# Help with mirror project. need clever idea and how to advice



## rygar (Mar 20, 2011)

can you glue that mirror to a piece of plywood?


----------



## joecaption (Nov 30, 2011)

Just dado the back side of the pieces and use Craig scews and glue to hold the it together on the back side.
It would just like the back side of any picture frame.
You can use window points to hold the mirror in place.


----------



## rygar (Mar 20, 2011)

joecaption said:


> Just dado the back side of the pieces and use Craig scews and glue to hold the it together on the back side.
> It would just like the back side of any picture frame.
> You can use window points to hold the mirror in place.

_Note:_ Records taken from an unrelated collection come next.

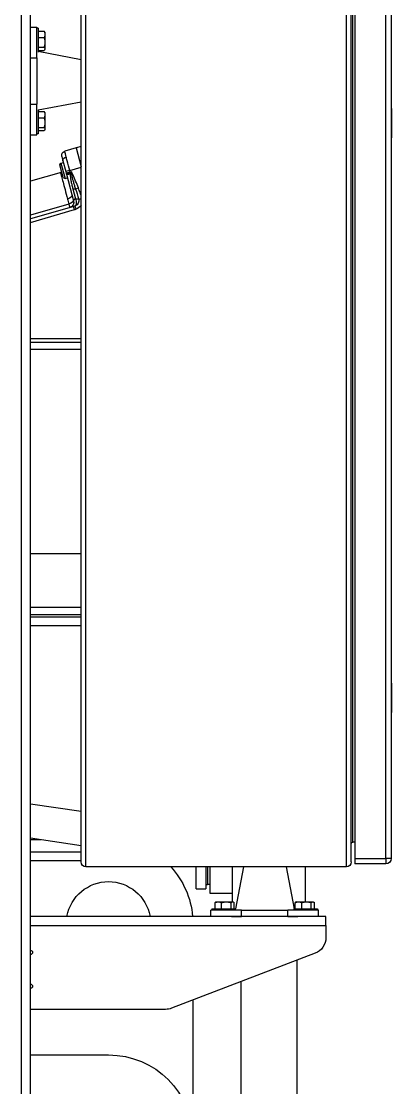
# Model space of a CAD drawing. Header units: inches. Extents: x -883 to 808, y -248 to 1051.
# Drawn here: x -393.43 to -382.46, y -141.65 to -110.1 of the extents above; entities that cross this region are included whole.
import ezdxf

# ---------------------------------------------------------------- set-up
doc = ezdxf.new("R2010")
doc.units = ezdxf.units.IN
doc.header["$MEASUREMENT"] = 0
doc.layers.get('0').update_dxf_attribs({"linetype": 'CONTINUOUS'})
doc.layers.add('EQUIPMENT - COMPRESSORS', color=41, linetype='CONTINUOUS')

# ---------------------------------------------------------------- blocks, each defined once
blk = doc.blocks.new('A$C084a53c6')
for p, q in [((1.342, 42.764), (1.342, 69.764)), ((9.052, 42.764), (9.052, 69.764)), ((0.017, 69.519), (0.017, 43.009)), ((0.174, 43.009), (0.174, 69.519)), ((1.089, 69.519), (1.089, 43.009)), ((1.197, 42.909), (1.197, 69.619)), ((9.197, 42.909), (9.197, 69.619)), ((1.152, 43.496), (1.152, 69.032)), ((10.696, 23.951), (10.696, 68.201)), ((10.965, 68.201), (10.965, 23.951)), ((10.471, 67.577), (10.471, 66.866)), ((10.471, 67.577), (10.51, 67.577)), ((10.51, 66.702), (10.51, 67.608)), ((10.696, 67.608), (10.51, 67.608)), ((10.267, 67.452), (10.276, 67.467)), ((10.267, 67.452), (10.267, 67.391)), ((10.267, 67.391), (10.267, 67.155)), ((10.471, 67.486), (10.29, 67.486)), ((10.471, 67.297), (10.29, 67.297)), ((9.197, 66.639), (10.471, 66.882)), ((10.267, 67.155), (10.267, 66.966)), ((10.267, 66.966), (10.267, 66.952)), ((10.267, 66.952), (10.276, 66.937)), ((10.471, 67.013), (10.29, 67.013)), ((10.471, 66.918), (10.29, 66.918)), ((10.51, 66.702), (10.51, 65.327)), ((10.696, 66.702), (10.51, 66.702)), ((9.197, 65.389), (10.471, 65.147)), ((10.696, 65.327), (10.51, 65.327)), ((10.51, 64.421), (10.51, 65.327)), ((0, 65.197), (0.005, 65.202)), ((0, 64.332), (0, 65.197)), ((0.005, 64.327), (0.005, 65.202)), ((0.005, 65.202), (0.017, 65.202)), ((10.267, 65.077), (10.276, 65.092)), ((10.267, 65.077), (10.267, 65.016)), ((10.267, 65.016), (10.267, 64.78)), ((10.471, 65.111), (10.29, 65.111)), ((10.471, 65.163), (10.471, 64.452)), ((10.267, 64.78), (10.267, 64.591)), ((10.471, 64.922), (10.29, 64.922)), ((10.267, 64.591), (10.267, 64.577)), ((10.267, 64.577), (10.276, 64.562)), ((10.471, 64.638), (10.29, 64.638)), ((10.471, 64.543), (10.29, 64.543)), ((10.471, 64.452), (10.51, 64.452)), ((10.696, 64.421), (10.51, 64.421)), ((0, 64.332), (0.005, 64.327)), ((0.005, 64.327), (0.017, 64.327)), ((9.197, 64.071), (9.346, 64.031)), ((9.346, 64.031), (9.197, 63.476)), ((9.346, 64.031), (9.681, 63.932)), ((9.767, 63.779), (9.732, 63.647)), ((9.528, 63.362), (9.197, 63.46)), ((9.732, 63.647), (9.647, 63.33)), ((9.794, 63.585), (9.672, 63.129)), ((9.794, 63.585), (9.721, 63.605)), ((9.723, 63.159), (9.824, 63.534)), ((9.824, 63.534), (9.794, 63.585)), ((9.627, 63.257), (9.416, 62.47)), ((9.483, 63.327), (9.517, 63.319)), ((9.513, 63.172), (9.513, 63.172)), ((9.517, 63.319), (9.528, 63.362)), ((9.517, 63.319), (9.635, 63.287)), ((9.528, 63.362), (9.647, 63.33)), ((9.672, 63.129), (9.598, 63.149)), ((9.627, 63.257), (9.631, 63.272)), ((9.631, 63.272), (9.635, 63.287)), ((9.647, 63.33), (9.635, 63.287)), ((9.723, 63.159), (9.672, 63.129)), ((9.788, 63.305), (10.696, 63.044)), ((9.439, 62.818), (9.361, 62.527)), ((10.696, 61.831), (9.389, 62.206)), ((9.414, 62.302), (9.414, 62.302)), ((9.414, 62.302), (10.696, 61.934)), ((9.556, 62.373), (10.696, 62.047)), ((9.197, 58.381), (10.696, 58.381)), ((10.696, 58.283), (9.197, 58.283)), ((10.696, 58.08), (9.197, 58.08)), ((9.197, 52.029), (10.696, 52.029)), ((9.197, 50.44), (10.696, 50.44)), ((10.696, 50.226), (9.197, 50.226)), ((9.197, 50.148), (10.696, 50.148)), ((10.696, 49.906), (9.197, 49.906)), ((0, 48.197), (0.005, 48.202)), ((0, 47.332), (0, 48.197)), ((0.005, 47.327), (0.005, 48.202)), ((0.005, 48.202), (0.017, 48.202)), ((0, 47.332), (0.005, 47.327)), ((0.005, 47.327), (0.017, 47.327)), ((10.696, 44.633), (9.197, 44.411)), ((10.696, 43.623), (9.197, 43.4)), ((10.696, 43.577), (10.389, 43.577)), ((10.696, 43.577), (10.389, 43.577)), ((1.089, 43.496), (1.152, 43.496)), ((0.017, 43.009), (0.174, 43.009)), ((0.174, 43.009), (0.174, 42.852)), ((1.089, 43.009), (0.174, 43.009)), ((1.089, 43.009), (1.089, 42.852)), ((10.696, 43.207), (9.197, 43.207)), ((10.696, 42.957), (9.197, 42.957)), ((0.174, 42.852), (1.089, 42.852)), ((1.342, 42.764), (9.052, 42.764)), ((2.554, 41.73), (2.554, 42.764)), ((3.128, 42.764), (2.892, 41.527)), ((4.391, 42.764), (4.627, 41.527)), ((4.714, 41.73), (4.714, 42.764)), ((5.384, 42.764), (5.384, 41.987)), ((5.454, 42.764), (5.454, 42.245)), ((5.507, 42.764), (5.507, 42.118)), ((5.787, 42.118), (5.787, 42.764)), ((5.384, 41.987), (4.714, 41.987)), ((5.384, 42.247), (5.454, 42.245)), ((5.507, 42.245), (5.454, 42.245)), ((5.787, 42.118), (5.507, 42.118)), ((2.289, 41.527), (2.289, 41.708)), ((2.322, 41.73), (2.309, 41.722)), ((2.335, 41.73), (2.322, 41.73)), ((2.522, 41.73), (2.335, 41.73)), ((2.38, 41.527), (2.38, 41.708)), ((2.759, 41.73), (2.522, 41.73)), ((2.663, 41.527), (2.663, 41.708)), ((2.822, 41.73), (2.759, 41.73)), ((2.822, 41.73), (2.835, 41.722)), ((2.855, 41.527), (2.855, 41.708)), ((4.664, 41.527), (4.664, 41.708)), ((4.697, 41.73), (4.683, 41.722)), ((4.71, 41.73), (4.697, 41.73)), ((4.897, 41.73), (4.71, 41.73)), ((4.756, 41.527), (4.756, 41.708)), ((5.134, 41.73), (4.897, 41.73)), ((5.038, 41.527), (5.038, 41.708)), ((5.197, 41.73), (5.134, 41.73)), ((5.197, 41.73), (5.211, 41.722)), ((5.23, 41.527), (5.23, 41.708)), ((2.166, 41.488), (3.072, 41.488)), ((2.166, 41.3), (2.166, 41.488)), ((2.908, 41.527), (2.197, 41.527)), ((2.197, 41.527), (2.197, 41.488)), ((4.447, 41.488), (3.072, 41.488)), ((3.072, 41.3), (3.072, 41.488)), ((4.447, 41.3), (4.447, 41.488)), ((4.447, 41.488), (5.353, 41.488)), ((5.322, 41.527), (4.611, 41.527)), ((5.322, 41.527), (5.322, 41.488)), ((5.353, 41.3), (5.353, 41.488)), ((1.946, 41.03), (1.946, 41.299)), ((1.946, 41.299), (10.696, 41.299)), ((10.696, 41.03), (1.946, 41.03)), ((1.946, 41.03), (1.946, 40.674)), ((1.947, 41.299), (1.947, 41.3)), ((1.947, 41.3), (2.774, 41.3)), ((3.072, 41.3), (2.774, 41.3)), ((3.072, 41.3), (4.447, 41.3)), ((4.745, 41.3), (4.447, 41.3)), ((4.745, 41.3), (10.696, 41.3)), ((2.268, 40.207), (6.518, 38.582)), ((2.804, 40.002), (2.804, 33.526)), ((4.464, 39.367), (4.464, 33.526)), ((5.884, 38.824), (5.884, 34.702)), ((5.884, 38.824), (5.884, 34.702)), ((6.696, 38.549), (10.696, 38.549)), ((10.696, 37.202), (8.384, 37.202)), ((10.696, 37.202), (8.384, 37.202))]:
    blk.add_line(p, q)
for centre, radius, start, end in [((9.645, 63.811), 0.126, 345, 73.5), ((1.152, 43.451), 0.045, 0, 90), ((0.174, 43.009), 0.157, 180, 270), ((1.342, 42.909), 0.145, 180, 270), ((9.052, 42.909), 0.145, 270, 0), ((8.384, 41.077), 2.5, 137.5458, 174.8709), ((8.384, 41.077), 2.5, 137.5458, 174.8709), ((8.384, 41.077), 1.25, 10.2999, 169.7001), ((8.384, 41.077), 1.25, 10.2999, 169.7001), ((2.446, 40.674), 0.5, 180, 249.0755), ((10.696, 40.232), 0.0625, 90, 270), ((10.697, 40.233), 0.0625, 161.0276, 269.5416), ((10.696, 39.232), 0.0625, 90, 270), ((10.697, 39.233), 0.0625, 161.0276, 269.5416), ((6.696, 39.049), 0.5, 249.0755, 270), ((8.384, 34.702), 2.5, 90, 180), ((8.384, 34.702), 2.5, 90, 180)]:
    blk.add_arc(centre, radius, start, end)
for centre, major_axis, ratio, start_param, end_param in [((9.61, 63.68), (0.122, -0.033), 0.707107, 0, 1.533781), ((9.444, 63.254), (0.0853, -0.0492), 0.00676, 1.194801, 1.545504), ((9.46, 63.285), (0.0889, -0.0423), 0.004749, 1.376455, 1.545051), ((9.528, 63.207), (0.153, 0.063), 0.294214, 1.53465, 1.802855), ((9.507, 63.264), (0.158, 0.049), 0.128448, 1.521552, 1.716805), ((9.514, 63.319), (-0.062, -0.233), 0.013378, 1.436778, 1.441232), ((9.514, 63.319), (0.063, 0.236), 0.013509, 4.581501, 4.712319), ((9.51, 63.305), (0.122, -0.033), 0.130526, 4.738795, 6.283185), ((9.506, 63.29), (0.122, -0.033), 0.258819, 4.86214, 6.283185), ((9.846, 63.435), (0.16, -0.043), 0.98767, 4.422637, 4.691053), ((9.403, 62.391), (0.253, 0.961), 0.166289, 1.156132, 1.484481), ((9.273, 62.849), (0.0918, -0.0354), 0.002783, 0.374105, 1.544765), ((9.503, 62.761), (-0.16, 0.043), 0.258819, 5.189776, 5.895195), ((9.171, 62.542), (0.0947, -0.0269), 0.000405, 0.057607, 1.297167), ((9.424, 62.471), (-0.043, -0.159), 0.999657, 4.696907, 6.223397), ((9.425, 62.47), (-0.16, 0.043), 0.258819, 5.189776, 6.223544), ((9.425, 62.47), (-0.046, -0.159), 0.475242, 4.488699, 6.189741), ((9.576, 62.427), (-0.046, -0.159), 0.999907, 4.726193, 6.283185), ((9.576, 62.427), (-0.16, 0.043), 0.994325, 0, 1.550657), ((9.581, 62.447), (-0.16, 0.043), 0.470087, 0, 1.539489), ((9.625, 62.608), (-0.16, 0.043), 0.554651, 0, 1.539336), ((9.341, 61.55), (-0.466, -1.749), 0.002388, 4.124443, 4.223007), ((9.427, 62.47), (-0.068, -0.254), 0.999657, 5.481988, 6.223397), ((9.341, 62.221), (0.0311, 0.0934), 0.02613, 4.713954, 6.200966), ((9.386, 62.207), (0.0271, 0.0946), 0.026173, 4.712846, 6.283185), ((9.586, 62.465), (-0.056, -0.197), 0.021139, 5.201977, 6.176513), ((9.581, 62.466), (-0.051, -0.198), 0.018497, 6.175987, 6.282708)]:
    blk.add_ellipse(centre, major_axis=major_axis, ratio=ratio, start_param=start_param, end_param=end_param)
for points, weights in [([(10.29, 67.486), (10.267, 67.435), (10.267, 67.391)], [1.01001874936, 1.04314139574, 1]), ([(10.267, 67.391), (10.267, 67.348), (10.29, 67.297)], [1, 1.04314139574, 1.01001874936]), ([(10.29, 67.297), (10.267, 67.221), (10.267, 67.155)], [1.01001874936, 1.04314139574, 1]), ([(10.276, 67.467), (10.281, 67.476), (10.29, 67.486)], [1.0241543212, 1.02250761129, 1.01001874936]), ([(10.267, 67.155), (10.267, 67.089), (10.29, 67.013)], [1, 1.04314139574, 1.01001874936]), ([(10.29, 67.013), (10.267, 66.988), (10.267, 66.966)], [1.01001874936, 1.04314139574, 1]), ([(10.267, 66.966), (10.267, 66.944), (10.29, 66.918)], [1, 1.04314139574, 1.01001874936]), ([(10.29, 65.111), (10.267, 65.06), (10.267, 65.016)], [1.01001874936, 1.04314139574, 1]), ([(10.267, 65.016), (10.267, 64.973), (10.29, 64.922)], [1, 1.04314139574, 1.01001874936]), ([(10.276, 65.092), (10.281, 65.101), (10.29, 65.111)], [1.0241543212, 1.02250761129, 1.01001874936]), ([(10.29, 64.922), (10.267, 64.846), (10.267, 64.78)], [1.01001874936, 1.04314139574, 1]), ([(10.267, 64.78), (10.267, 64.714), (10.29, 64.638)], [1, 1.04314139574, 1.01001874936]), ([(10.29, 64.638), (10.267, 64.613), (10.267, 64.591)], [1.01001874936, 1.04314139574, 1]), ([(10.267, 64.591), (10.267, 64.569), (10.29, 64.543)], [1, 1.04314139574, 1.01001874936]), ([(2.335, 41.73), (2.314, 41.73), (2.289, 41.708)], [1, 1.04314139574, 1.01001874936]), ([(2.38, 41.708), (2.356, 41.73), (2.335, 41.73)], [1.01001874936, 1.04314139574, 1]), ([(2.522, 41.73), (2.456, 41.73), (2.38, 41.708)], [1, 1.04314139574, 1.01001874936]), ([(2.663, 41.708), (2.587, 41.73), (2.522, 41.73)], [1.01001874936, 1.04314139574, 1]), ([(2.759, 41.73), (2.714, 41.73), (2.663, 41.708)], [1, 1.04314139574, 1.01001874936]), ([(2.855, 41.708), (2.803, 41.73), (2.759, 41.73)], [1.01001874936, 1.04314139574, 1]), ([(2.835, 41.722), (2.845, 41.717), (2.855, 41.708)], [1.02434826489, 1.02350559826, 1.01001874936]), ([(4.71, 41.73), (4.689, 41.73), (4.664, 41.708)], [1, 1.04314139574, 1.01001874936]), ([(4.756, 41.708), (4.731, 41.73), (4.71, 41.73)], [1.01001874936, 1.04314139574, 1]), ([(4.897, 41.73), (4.831, 41.73), (4.756, 41.708)], [1, 1.04314139574, 1.01001874936]), ([(5.038, 41.708), (4.963, 41.73), (4.897, 41.73)], [1.01001874936, 1.04314139574, 1]), ([(5.134, 41.73), (5.09, 41.73), (5.038, 41.708)], [1, 1.04314139574, 1.01001874936]), ([(5.23, 41.708), (5.179, 41.73), (5.134, 41.73)], [1.01001874936, 1.04314139574, 1]), ([(5.211, 41.722), (5.22, 41.717), (5.23, 41.708)], [1.02432991309, 1.02336910245, 1.01001874936])]:
    blk.add_rational_spline(points, weights, degree=2)
for points, knots in [([(9.528, 63.362), (9.555, 63.458), (9.582, 63.559), (9.606, 63.646), (9.618, 63.69), (9.628, 63.73), (9.638, 63.765)], [5.4981298, 5.4981298, 5.4981298, 5.4981298, 6.0178988, 6.0178988, 6.0178988, 6.2831853, 6.2831853, 6.2831853, 6.2831853]), ([(9.638, 63.765), (9.656, 63.833), (9.67, 63.886), (9.677, 63.912), (9.68, 63.925), (9.681, 63.932), (9.681, 63.932)], [0, 0, 0, 0, 0.519769, 0.519769, 0.519769, 0.7850555, 0.7850555, 0.7850555, 0.7850555]), ([(9.276, 62.849), (9.302, 62.917), (9.329, 62.985), (9.37, 63.087), (9.384, 63.121), (9.406, 63.171), (9.413, 63.188), (9.429, 63.221), (9.437, 63.237), (9.446, 63.253)], [0, 0, 0, 0, 0.00556864, 0.00556864, 0.00835296, 0.00835296, 0.00974511, 0.00974511, 0.01113727, 0.01113727, 0.01113727, 0.01113727]), ([(9.475, 63.236), (9.473, 63.22), (9.47, 63.205), (9.467, 63.189), (9.467, 63.187), (9.466, 63.185), (9.466, 63.183), (9.463, 63.168), (9.46, 63.153), (9.456, 63.138), (9.455, 63.135), (9.455, 63.132), (9.454, 63.13), (9.449, 63.112), (9.445, 63.094), (9.44, 63.077), (9.436, 63.062), (9.432, 63.048), (9.428, 63.033), (9.427, 63.03), (9.426, 63.027), (9.425, 63.025), (9.416, 62.991), (9.405, 62.958), (9.395, 62.925), (9.383, 62.889), (9.371, 62.853), (9.359, 62.817)], [0, 0, 0, 0, 0.00122412, 0.00122412, 0.00122412, 0.00139408, 0.00139408, 0.00139408, 0.00255723, 0.00255723, 0.00255723, 0.00278816, 0.00278816, 0.00278816, 0.00418225, 0.00418225, 0.00418225, 0.00535258, 0.00535258, 0.00535258, 0.00557633, 0.00557633, 0.00557633, 0.00823427, 0.00823427, 0.00823427, 0.01115265, 0.01115265, 0.01115265, 0.01115265]), ([(9.516, 63.254), (9.516, 63.237), (9.516, 63.22), (9.515, 63.203), (9.515, 63.202), (9.515, 63.2), (9.515, 63.199), (9.514, 63.182), (9.512, 63.166), (9.51, 63.15), (9.51, 63.148), (9.51, 63.146), (9.509, 63.144), (9.505, 63.109), (9.499, 63.074), (9.492, 63.04), (9.492, 63.038), (9.491, 63.036), (9.491, 63.035), (9.484, 62.999), (9.476, 62.964), (9.467, 62.929), (9.467, 62.928), (9.467, 62.927), (9.467, 62.926), (9.458, 62.89), (9.449, 62.854), (9.439, 62.818)], [0, 0, 0, 0, 0.0013499, 0.0013499, 0.0013499, 0.00147228, 0.00147228, 0.00147228, 0.00278254, 0.00278254, 0.00278254, 0.00294456, 0.00294456, 0.00294456, 0.00573916, 0.00573916, 0.00573916, 0.00588913, 0.00588913, 0.00588913, 0.00875131, 0.00875131, 0.00875131, 0.00883369, 0.00883369, 0.00883369, 0.01177825, 0.01177825, 0.01177825, 0.01177825]), ([(9.463, 63.284), (9.469, 63.298), (9.476, 63.313), (9.483, 63.327), (9.483, 63.327), (9.483, 63.327), (9.483, 63.327)], [0, 0, 0, 0, 0.001197321, 0.001197321, 0.001197321, 0.001215046, 0.001215046, 0.001215046, 0.001215046]), ([(9.8, 63.278), (9.795, 63.259), (9.787, 63.228), (9.775, 63.186), (9.763, 63.143), (9.749, 63.088), (9.731, 63.023), (9.713, 62.959), (9.693, 62.883), (9.67, 62.799), (9.648, 62.715), (9.623, 62.621), (9.596, 62.521)], [5.4577761, 5.4577761, 5.4577761, 5.4577761, 5.6641284, 5.6641284, 5.6641284, 5.8704807, 5.8704807, 5.8704807, 6.076833, 6.076833, 6.076833, 6.2831853, 6.2831853, 6.2831853, 6.2831853]), ([(9.788, 63.305), (9.793, 63.303), (9.797, 63.3), (9.8, 63.296), (9.802, 63.291), (9.803, 63.285), (9.8, 63.278)], [0, 0, 0, 0, 0.003615153, 0.003615153, 0.003615153, 0.007230305, 0.007230305, 0.007230305, 0.007230305]), ([(9.197, 62.62), (9.205, 62.647), (9.214, 62.674), (9.223, 62.701), (9.24, 62.752), (9.258, 62.802), (9.276, 62.849)], [1.7381407, 1.7381407, 1.7381407, 1.7381407, 1.8234189, 1.8234189, 1.8234189, 1.9858898, 1.9858898, 1.9858898, 1.9858898]), ([(9.361, 62.527), (9.37, 62.522), (9.379, 62.517), (9.386, 62.512), (9.393, 62.507), (9.399, 62.502), (9.404, 62.497), (9.409, 62.492), (9.413, 62.487), (9.415, 62.483), (9.417, 62.478), (9.417, 62.474), (9.417, 62.47)], [3.686318, 3.686318, 3.686318, 3.686318, 3.956147, 3.956147, 3.956147, 4.225976, 4.225976, 4.225976, 4.495805, 4.495805, 4.495805, 4.765634, 4.765634, 4.765634, 4.765634])]:
    blk.add_open_spline(points, degree=3, knots=knots)
for points in [[(9.446, 63.253), (9.452, 63.263), (9.458, 63.274), (9.463, 63.284)], [(9.478, 63.277), (9.476, 63.263), (9.476, 63.25), (9.475, 63.236)], [(9.483, 63.327), (9.481, 63.311), (9.479, 63.294), (9.478, 63.277)], [(9.483, 63.327), (9.492, 63.314), (9.5, 63.3), (9.508, 63.287)], [(9.508, 63.287), (9.51, 63.276), (9.513, 63.265), (9.516, 63.254)], [(9.765, 63.314), (9.773, 63.31), (9.781, 63.307), (9.788, 63.305)], [(9.417, 62.47), (9.416, 62.47), (9.416, 62.47), (9.416, 62.47)], [(9.389, 62.206), (9.374, 62.211), (9.359, 62.216), (9.344, 62.221)], [(9.372, 62.314), (9.386, 62.31), (9.4, 62.306), (9.414, 62.302)]]:
    blk.add_open_spline(points, degree=3)

msp = doc.modelspace()

# ---------------------------------------------------------------- block references
at = {"layer": 'EQUIPMENT - COMPRESSORS', "xscale": -1}
msp.add_blockref('A$C084a53c6', (-382.46019, -177.87785), dxfattribs=at)

doc.saveas('drawing.dxf')

the mirror is about 5x7 by my estimate and a bit heavy.
will the window points be strong enough to hold it?


----------



## joecaption (Nov 30, 2011)

All the weights going to be facing down.
If it makes you feel better any one of these would also work.
http://www.bing.com/images/search?q=mirror+clips&qpvt=mirror+clips&FORM=IGRE

I would not glue it to anything it may effect the sliver on the back side and show through.


----------



## paintdrying (Jul 13, 2012)

Take dobs of mirror mastic behind the mirror. Just little blobs all over to hold it, as Joe said, do not glue it, it will destroy the silver backing


----------